Prompt - Below is a listing. Copy each line of it that holds the word "bottom".

Records -
+ + +

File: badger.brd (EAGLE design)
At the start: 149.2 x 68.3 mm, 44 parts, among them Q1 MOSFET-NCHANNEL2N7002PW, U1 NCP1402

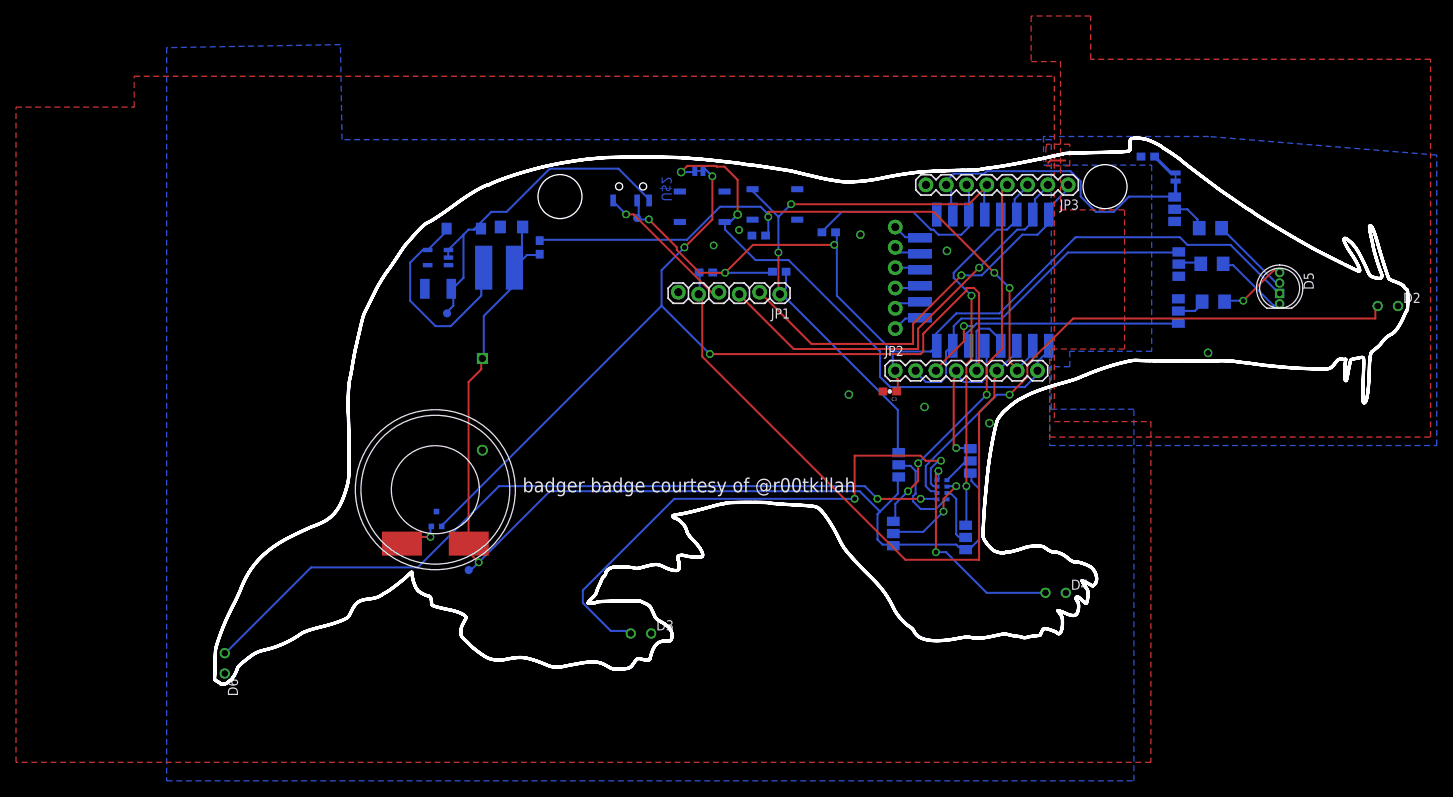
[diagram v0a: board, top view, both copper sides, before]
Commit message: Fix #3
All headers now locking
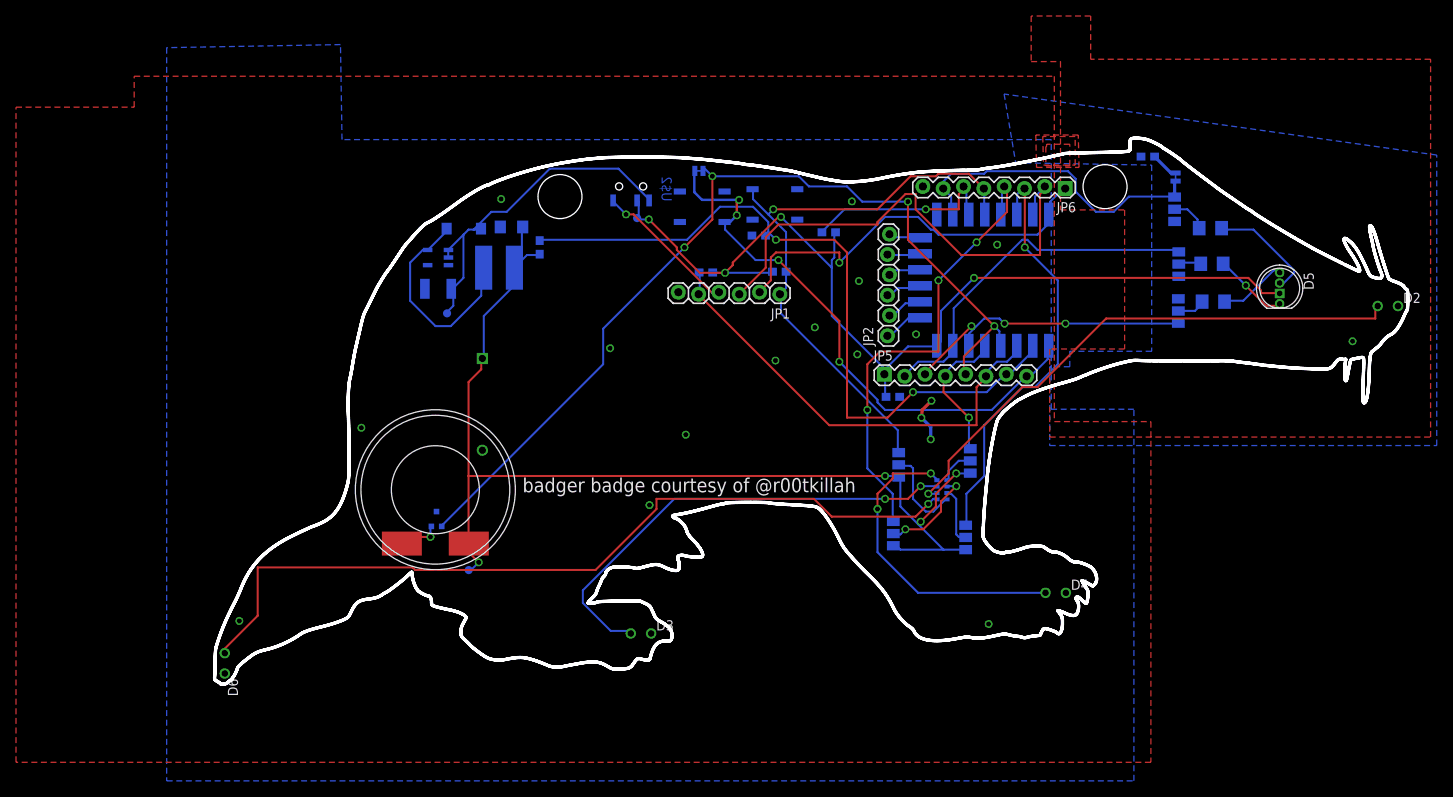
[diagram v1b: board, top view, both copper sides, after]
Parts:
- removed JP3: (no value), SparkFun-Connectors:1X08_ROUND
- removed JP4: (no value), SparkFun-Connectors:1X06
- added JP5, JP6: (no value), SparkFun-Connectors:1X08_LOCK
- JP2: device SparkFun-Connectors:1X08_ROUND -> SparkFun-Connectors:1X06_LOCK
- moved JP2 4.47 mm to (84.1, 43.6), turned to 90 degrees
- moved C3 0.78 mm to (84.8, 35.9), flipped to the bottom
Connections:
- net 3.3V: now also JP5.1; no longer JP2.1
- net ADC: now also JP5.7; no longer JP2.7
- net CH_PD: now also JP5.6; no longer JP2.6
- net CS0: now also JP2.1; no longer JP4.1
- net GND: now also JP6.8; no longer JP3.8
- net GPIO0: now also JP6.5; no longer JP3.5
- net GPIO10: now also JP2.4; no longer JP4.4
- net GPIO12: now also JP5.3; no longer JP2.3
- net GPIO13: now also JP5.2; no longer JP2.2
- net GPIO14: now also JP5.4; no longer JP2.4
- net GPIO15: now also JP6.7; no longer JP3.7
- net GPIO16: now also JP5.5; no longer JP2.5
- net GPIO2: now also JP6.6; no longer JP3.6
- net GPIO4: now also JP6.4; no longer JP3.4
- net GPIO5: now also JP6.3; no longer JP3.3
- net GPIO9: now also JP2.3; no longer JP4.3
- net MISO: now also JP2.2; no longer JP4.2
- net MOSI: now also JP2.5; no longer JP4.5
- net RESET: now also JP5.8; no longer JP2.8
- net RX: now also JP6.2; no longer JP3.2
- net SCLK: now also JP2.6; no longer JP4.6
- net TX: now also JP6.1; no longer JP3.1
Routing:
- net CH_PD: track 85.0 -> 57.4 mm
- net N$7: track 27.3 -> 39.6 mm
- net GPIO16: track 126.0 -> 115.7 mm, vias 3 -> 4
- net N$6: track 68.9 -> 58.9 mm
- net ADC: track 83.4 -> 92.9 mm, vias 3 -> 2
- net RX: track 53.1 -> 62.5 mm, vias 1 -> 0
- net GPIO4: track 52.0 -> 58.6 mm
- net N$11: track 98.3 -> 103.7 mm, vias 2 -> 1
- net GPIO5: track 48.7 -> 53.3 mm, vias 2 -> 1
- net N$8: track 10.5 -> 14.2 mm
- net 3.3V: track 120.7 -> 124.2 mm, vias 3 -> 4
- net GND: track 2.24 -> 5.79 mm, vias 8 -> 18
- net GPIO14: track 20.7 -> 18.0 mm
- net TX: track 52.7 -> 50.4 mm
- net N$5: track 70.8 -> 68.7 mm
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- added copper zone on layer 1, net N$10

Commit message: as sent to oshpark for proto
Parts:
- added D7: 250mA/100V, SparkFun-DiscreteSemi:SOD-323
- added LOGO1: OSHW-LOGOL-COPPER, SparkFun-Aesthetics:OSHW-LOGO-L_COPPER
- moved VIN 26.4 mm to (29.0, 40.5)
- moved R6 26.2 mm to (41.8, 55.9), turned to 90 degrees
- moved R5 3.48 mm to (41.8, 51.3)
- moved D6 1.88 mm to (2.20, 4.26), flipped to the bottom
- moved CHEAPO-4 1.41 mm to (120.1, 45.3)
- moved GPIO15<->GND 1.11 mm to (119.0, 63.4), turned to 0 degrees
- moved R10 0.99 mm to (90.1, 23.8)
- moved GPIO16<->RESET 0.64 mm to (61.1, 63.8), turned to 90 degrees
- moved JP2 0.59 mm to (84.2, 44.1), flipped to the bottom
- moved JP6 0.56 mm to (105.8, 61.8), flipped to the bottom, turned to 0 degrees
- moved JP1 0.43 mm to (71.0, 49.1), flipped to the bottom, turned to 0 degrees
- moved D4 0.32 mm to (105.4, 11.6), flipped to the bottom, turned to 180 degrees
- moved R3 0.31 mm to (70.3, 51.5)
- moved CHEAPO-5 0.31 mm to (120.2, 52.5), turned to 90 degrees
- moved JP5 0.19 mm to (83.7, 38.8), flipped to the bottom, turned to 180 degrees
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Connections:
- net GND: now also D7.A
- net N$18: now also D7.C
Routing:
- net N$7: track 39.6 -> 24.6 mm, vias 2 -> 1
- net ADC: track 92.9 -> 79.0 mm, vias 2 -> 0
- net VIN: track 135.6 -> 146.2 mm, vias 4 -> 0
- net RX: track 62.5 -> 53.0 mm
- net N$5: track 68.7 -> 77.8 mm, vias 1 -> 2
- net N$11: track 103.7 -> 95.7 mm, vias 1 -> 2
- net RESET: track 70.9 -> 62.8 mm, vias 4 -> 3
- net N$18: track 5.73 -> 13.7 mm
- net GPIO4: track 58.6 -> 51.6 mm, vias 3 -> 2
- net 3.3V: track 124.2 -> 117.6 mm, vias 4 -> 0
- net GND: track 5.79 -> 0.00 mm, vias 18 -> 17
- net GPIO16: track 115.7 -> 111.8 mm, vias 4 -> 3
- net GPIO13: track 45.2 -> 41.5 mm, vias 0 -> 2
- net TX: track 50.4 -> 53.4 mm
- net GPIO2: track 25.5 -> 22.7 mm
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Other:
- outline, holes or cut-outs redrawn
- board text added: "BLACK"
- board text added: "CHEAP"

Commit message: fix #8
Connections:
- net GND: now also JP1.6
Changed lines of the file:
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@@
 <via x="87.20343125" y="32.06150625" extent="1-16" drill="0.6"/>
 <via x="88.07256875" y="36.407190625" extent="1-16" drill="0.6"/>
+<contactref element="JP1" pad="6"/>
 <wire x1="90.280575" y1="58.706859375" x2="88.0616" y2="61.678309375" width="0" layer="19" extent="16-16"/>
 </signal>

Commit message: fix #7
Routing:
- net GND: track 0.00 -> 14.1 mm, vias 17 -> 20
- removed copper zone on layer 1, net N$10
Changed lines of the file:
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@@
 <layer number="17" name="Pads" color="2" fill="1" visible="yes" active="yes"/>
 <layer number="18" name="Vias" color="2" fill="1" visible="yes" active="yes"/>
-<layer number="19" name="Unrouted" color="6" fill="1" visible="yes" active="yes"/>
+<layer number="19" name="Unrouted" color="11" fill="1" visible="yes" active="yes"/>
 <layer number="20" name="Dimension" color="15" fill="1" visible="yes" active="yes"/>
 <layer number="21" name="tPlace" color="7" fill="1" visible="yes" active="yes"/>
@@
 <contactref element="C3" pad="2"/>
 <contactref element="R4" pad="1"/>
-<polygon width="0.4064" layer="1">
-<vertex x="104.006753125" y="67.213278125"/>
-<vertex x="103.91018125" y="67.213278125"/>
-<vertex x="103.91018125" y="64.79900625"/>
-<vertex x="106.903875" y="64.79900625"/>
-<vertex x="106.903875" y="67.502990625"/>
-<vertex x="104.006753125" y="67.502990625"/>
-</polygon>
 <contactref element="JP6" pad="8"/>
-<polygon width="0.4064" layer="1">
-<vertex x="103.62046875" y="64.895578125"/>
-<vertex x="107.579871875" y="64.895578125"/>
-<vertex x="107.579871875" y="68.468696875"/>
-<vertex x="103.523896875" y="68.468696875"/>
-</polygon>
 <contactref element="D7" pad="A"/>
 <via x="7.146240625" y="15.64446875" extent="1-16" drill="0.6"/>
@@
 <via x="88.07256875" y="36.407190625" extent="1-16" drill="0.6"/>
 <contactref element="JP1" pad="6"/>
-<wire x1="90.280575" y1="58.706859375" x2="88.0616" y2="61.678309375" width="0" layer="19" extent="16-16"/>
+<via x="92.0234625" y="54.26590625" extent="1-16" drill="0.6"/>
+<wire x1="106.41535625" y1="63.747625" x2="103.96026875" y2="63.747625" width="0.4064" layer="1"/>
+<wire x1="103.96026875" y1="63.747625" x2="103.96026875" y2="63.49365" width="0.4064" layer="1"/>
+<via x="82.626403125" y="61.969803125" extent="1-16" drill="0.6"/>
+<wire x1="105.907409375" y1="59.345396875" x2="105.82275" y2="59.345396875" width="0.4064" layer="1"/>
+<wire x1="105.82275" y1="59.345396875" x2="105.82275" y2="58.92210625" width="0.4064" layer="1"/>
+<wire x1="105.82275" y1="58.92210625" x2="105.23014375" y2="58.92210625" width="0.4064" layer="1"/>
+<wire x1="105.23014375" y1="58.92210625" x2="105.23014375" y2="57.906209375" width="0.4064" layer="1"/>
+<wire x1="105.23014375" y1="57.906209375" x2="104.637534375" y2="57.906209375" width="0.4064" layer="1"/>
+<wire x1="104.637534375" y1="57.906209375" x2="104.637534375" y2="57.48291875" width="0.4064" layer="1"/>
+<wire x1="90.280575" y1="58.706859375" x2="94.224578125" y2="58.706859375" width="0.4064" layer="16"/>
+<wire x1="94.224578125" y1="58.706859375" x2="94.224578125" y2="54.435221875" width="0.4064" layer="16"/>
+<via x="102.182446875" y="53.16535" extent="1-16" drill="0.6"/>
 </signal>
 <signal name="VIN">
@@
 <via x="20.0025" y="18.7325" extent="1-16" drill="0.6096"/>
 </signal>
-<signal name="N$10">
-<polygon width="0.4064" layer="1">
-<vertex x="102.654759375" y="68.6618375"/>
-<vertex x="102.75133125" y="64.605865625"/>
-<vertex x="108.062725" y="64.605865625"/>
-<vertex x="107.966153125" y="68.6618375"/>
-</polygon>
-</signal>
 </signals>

+ + +

Written reply -
- moved C3 0.78 mm to (84.8, 35.9), flipped to the bottom
- moved D6 1.88 mm to (2.20, 4.26), flipped to the bottom
- moved JP2 0.59 mm to (84.2, 44.1), flipped to the bottom
- moved JP6 0.56 mm to (105.8, 61.8), flipped to the bottom, turned to 0 degrees
- moved JP1 0.43 mm to (71.0, 49.1), flipped to the bottom, turned to 0 degrees
- moved D4 0.32 mm to (105.4, 11.6), flipped to the bottom, turned to 180 degrees
- moved JP5 0.19 mm to (83.7, 38.8), flipped to the bottom, turned to 180 degrees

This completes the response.